WORK ORDER: After dropping the pictures, give again exactly the lines of the data from its first line through the line with "me_cube = bpy.data.meshes.new('Cube')", which is included as well.

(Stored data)
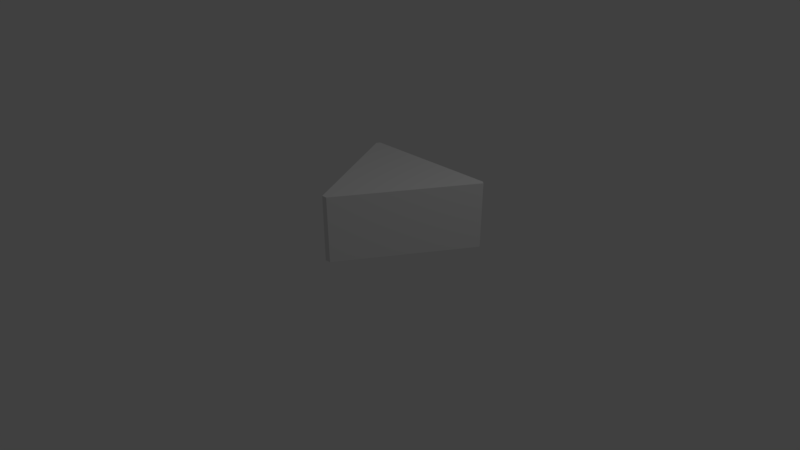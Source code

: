# Source: cheesehead.blend  (saved by Blender 2.77.0; exported with 4.5.12 LTS)
import bpy
from mathutils import Matrix  # noqa: F401  (used for matrix-valued properties, if any)

bpy.ops.wm.read_factory_settings(use_empty=True)
scene = bpy.context.scene
scene.name = 'Scene'

# ---- collections
col_collection_1 = bpy.data.collections.new('Collection 1'); scene.collection.children.link(col_collection_1)

# ---- materials (node trees are filled in below, after node groups)
mat_material = bpy.data.materials.new('Material')
mat_material.alpha_threshold = 0.0
mat_material.use_transparent_shadow = False
mat_material.roughness = 0.5
mat_material.line_color = (0.0, 0.0, 0.0, 1.0)

# ---- material node trees

# ---- world
world_world = bpy.data.worlds.new('World'); scene.world = world_world
world_world.color = (0.05088, 0.05088, 0.05088)
world_world.use_sun_shadow = False
world_world.sun_shadow_jitter_overblur = 0.0
world_world.cycles.sampling_method = 'MANUAL'

# ---- cameras
cam_camera = bpy.data.cameras.new('Camera')
cam_camera.clip_end = 100.0
cam_camera.lens = 35.0
cam_camera.sensor_width = 32.0
cam_camera.sensor_height = 18.0
cam_camera.ortho_scale = 7.314
cam_camera.dof.focus_distance = 0.0
cam_camera.dof.aperture_fstop = 128.0

# ---- lights
light_lamp = bpy.data.lights.new('Lamp', 'POINT')
light_lamp.transmission_factor = 0.0
light_lamp.cutoff_distance = 30.0
light_lamp.energy = 100.0
light_lamp.shadow_buffer_clip_start = 1.001
light_lamp.shadow_soft_size = 0.1
light_lamp.shadow_maximum_resolution = 0.006
light_lamp.use_absolute_resolution = True

# ---- meshes
me_cube = bpy.data.meshes.new('Cube')
me_cube.from_pydata([(0.4575, 0.1361, 0.121), (-0.07198, 1.0, 0.121), (-0.583, 0.1977, 0.121), (0.1982, 0.2898, 0.121), (-0.07524, 0.8238, 0.121), (0.3003, 0.6653, 0.121), (-0.4087, 0.6495, 0.121), (-0.08299, -0.01364, 0.121), (-0.3786, 0.3017, 0.121), (-0.08114, 0.5323, 0.3587), (0.1922, 0.3068, 0.1914), (-0.0774, 0.8211, 0.2337), (0.2982, 0.6672, 0.206), (-0.4109, 0.6355, 0.2145), (-0.08515, 0.02491, 0.1756), (-0.3807, 0.3192, 0.2173), (-0.05142, -0.6744, 0.121), (-0.1265, -0.6808, 1.0), (-0.127, -0.6799, 0.121), (-0.05457, -0.6794, 1.0), (-0.9766, 0.955, 1.0), (-0.9438, 1.0, 0.121), (-0.9482, 1.0, 1.0), (-0.9756, 0.9331, 0.121), (-0.946, 0.968, 0.121), (0.9792, 0.9669, 1.0), (0.938, 1.0, 1.0), (0.9241, 1.0, 0.121), (0.9441, 0.9733, 0.121), (0.9654, 0.9449, 0.121)], [], [(27, 26, 25, 29), (29, 28, 27), (1, 4, 6, 24, 21), (3, 7, 14, 10), (6, 4, 11, 13), (7, 8, 15, 14), (3, 5, 28, 29, 0), (5, 3, 10, 12), (4, 5, 12, 11), (8, 6, 13, 15), (9, 12, 10), (14, 15, 9), (15, 13, 9), (10, 14, 9), (11, 12, 9), (13, 11, 9), (17, 18, 16, 19), (18, 17, 20, 23, 2), (2, 8, 7, 18), (18, 7, 16), (3, 0, 16, 7), (23, 24, 6, 8, 2), (24, 23, 21), (21, 23, 20, 22), (25, 26, 22, 20, 17, 19), (29, 25, 19, 16, 0), (26, 27, 1, 21, 22), (27, 28, 5, 4, 1)])
_uv = me_cube.uv_layers.new(name='UVMap')
_uv.uv.foreach_set('vector', [0.7412, 0.5072, 0.9984, 0.511, 0.998, 0.5205, 0.7407, 0.5225, 0.9591, 0.5072, 0.9674, 0.5016, 0.9752, 0.4964, 0.9752, 0.2361, 0.9236, 0.2353, 0.8726, 0.1481, 0.9658, 0.00773, 0.9752, 0.008309, 0.9752, 0.3344, 0.9836, 0.2296, 1.0, 0.2387, 0.9961, 0.3382, 0.4768, 0.5203, 0.4793, 0.6095, 0.4463, 0.6093, 0.4492, 0.5198, 0.4753, 0.7055, 0.4745, 0.7946, 0.4463, 0.7994, 0.4594, 0.7157, 0.7672, 0.3067, 0.8772, 0.3334, 0.9674, 0.5016, 0.9591, 0.5072, 0.7222, 0.3745, 0.9753, 0.4332, 0.9752, 0.3344, 0.9961, 0.3382, 1.0, 0.4342, 0.4793, 0.6095, 0.4793, 0.7055, 0.4545, 0.7053, 0.4463, 0.6093, 0.4745, 0.7946, 0.4753, 0.8858, 0.4478, 0.8824, 0.4463, 0.7994, 0.3426, 0.6144, 0.3944, 0.5198, 0.4463, 0.6064, 0.4463, 0.7097, 0.3241, 0.709, 0.3426, 0.6144, 0.3241, 0.709, 0.2528, 0.6556, 0.3426, 0.6144, 0.4463, 0.6064, 0.4463, 0.7097, 0.3426, 0.6144, 0.2843, 0.56, 0.3944, 0.5198, 0.3426, 0.6144, 0.2528, 0.6556, 0.2843, 0.56, 0.3426, 0.6144, 0.9974, 2.426e-05, 0.9974, 0.2296, 0.9752, 0.2296, 0.9763, 0.0, 0.2528, 0.8517, 0.003615, 0.8051, 0.0, 0.5334, 0.2486, 0.585, 0.2509, 0.7059, 0.7402, 0.1026, 0.7707, 0.156, 0.6784, 0.2332, 0.4832, 0.2217, 0.4832, 0.2217, 0.6784, 0.2332, 0.4849, 0.2415, 0.7672, 0.3067, 0.7222, 0.3745, 0.4849, 0.2415, 0.6784, 0.2332, 0.9556, 0.0, 0.9658, 0.00773, 0.8726, 0.1481, 0.7707, 0.156, 0.7402, 0.1026, 0.9658, 0.00773, 0.9556, 0.0, 0.9752, 0.008309, 0.2528, 0.566, 0.2486, 0.585, 0.0, 0.5334, 0.003322, 0.5198, 0.4832, 0.5182, 0.4679, 0.5198, 4.088e-05, 0.2578, 0.0, 0.2438, 0.4656, 0.0, 0.4832, 0.01031, 0.7407, 0.5225, 0.998, 0.5205, 0.9984, 0.9245, 0.7411, 0.9198, 0.7409, 0.7209, 0.4832, 0.5072, 0.7407, 0.5108, 0.7407, 0.7711, 0.7407, 0.9989, 0.4832, 1.0, 0.9752, 0.4964, 0.9674, 0.5016, 0.8772, 0.3334, 0.9236, 0.2353, 0.9752, 0.2361])
me_cube.materials.append(mat_material)
me_cube.use_remesh_preserve_volume = False
me_cube.use_remesh_preserve_attributes = False
me_cube.use_mirror_vertex_groups = False
me_cube.update()

# ---- objects
ob_cube = bpy.data.objects.new('Cube', me_cube)
ob_lamp = bpy.data.objects.new('Lamp', light_lamp)
ob_camera = bpy.data.objects.new('Camera', cam_camera)

# ---- transforms, parenting, visibility, modifiers, constraints
ob_cube.location = (0.0, 0.0, 0.0)
ob_cube.lock_rotations_4d = False
ob_cube.empty_display_type = 'ARROWS'
ob_cube.lineart.crease_threshold = 0.0
ob_lamp.location = (4.076, 1.005, 5.904)
ob_lamp.rotation_euler = (0.6503, 0.05522, 1.866)
ob_lamp.lock_rotations_4d = False
ob_lamp.empty_display_type = 'ARROWS'
ob_lamp.color = (0.0, 0.0, 0.0, 0.0)
ob_lamp.lineart.crease_threshold = 0.0
ob_camera.location = (7.481, -6.508, 5.344)
ob_camera.rotation_euler = (1.109, 0.01082, 0.8149)
ob_camera.lock_rotations_4d = False
ob_camera.empty_display_type = 'ARROWS'
ob_camera.color = (0.0, 0.0, 0.0, 0.0)
ob_camera.display_type = 'WIRE'
ob_camera.lineart.crease_threshold = 0.0

# ---- collection membership
col_collection_1.objects.link(ob_cube)
col_collection_1.objects.link(ob_lamp)
col_collection_1.objects.link(ob_camera)

# ---- scene / render settings (as saved in the file)
scene.camera = ob_camera
scene.frame_start = 1; scene.frame_end = 250; scene.frame_set(1)
scene.render.engine = 'BLENDER_EEVEE_NEXT'
scene.render.resolution_percentage = 50
scene.render.dither_intensity = 0.0
scene.cycles.use_denoising = False
scene.cycles.samples = 128
scene.cycles.sampling_pattern = 'TABULATED_SOBOL'
scene.cycles.light_sampling_threshold = 0.0
scene.cycles.use_adaptive_sampling = False
scene.cycles.use_light_tree = False
scene.cycles.blur_glossy = 0.0
scene.cycles.sample_clamp_indirect = 0.0
scene.view_settings.view_transform = 'Standard'
bpy.context.view_layer.update()

ANSWER:
Source code

:# Source: cheesehead.blend  (saved by Blender 2.77.0; exported with 4.5.12 LTS)
import bpy
from mathutils import Matrix  # noqa: F401  (used for matrix-valued properties, if any)

bpy.ops.wm.read_factory_settings(use_empty=True)
scene = bpy.context.scene
scene.name = 'Scene'

# ---- collections
col_collection_1 = bpy.data.collections.new('Collection 1'); scene.collection.children.link(col_collection_1)

# ---- materials (node trees are filled in below, after node groups)
mat_material = bpy.data.materials.new('Material')
mat_material.alpha_threshold = 0.0
mat_material.use_transparent_shadow = False
mat_material.roughness = 0.5
mat_material.line_color = (0.0, 0.0, 0.0, 1.0)

# ---- material node trees

# ---- world
world_world = bpy.data.worlds.new('World'); scene.world = world_world
world_world.color = (0.05088, 0.05088, 0.05088)
world_world.use_sun_shadow = False
world_world.sun_shadow_jitter_overblur = 0.0
world_world.cycles.sampling_method = 'MANUAL'

# ---- cameras
cam_camera = bpy.data.cameras.new('Camera')
cam_camera.clip_end = 100.0
cam_camera.lens = 35.0
cam_camera.sensor_width = 32.0
cam_camera.sensor_height = 18.0
cam_camera.ortho_scale = 7.314
cam_camera.dof.focus_distance = 0.0
cam_camera.dof.aperture_fstop = 128.0

# ---- lights
light_lamp = bpy.data.lights.new('Lamp', 'POINT')
light_lamp.transmission_factor = 0.0
light_lamp.cutoff_distance = 30.0
light_lamp.energy = 100.0
light_lamp.shadow_buffer_clip_start = 1.001
light_lamp.shadow_soft_size = 0.1
light_lamp.shadow_maximum_resolution = 0.006
light_lamp.use_absolute_resolution = True

# ---- meshes
me_cube = bpy.data.meshes.new('Cube')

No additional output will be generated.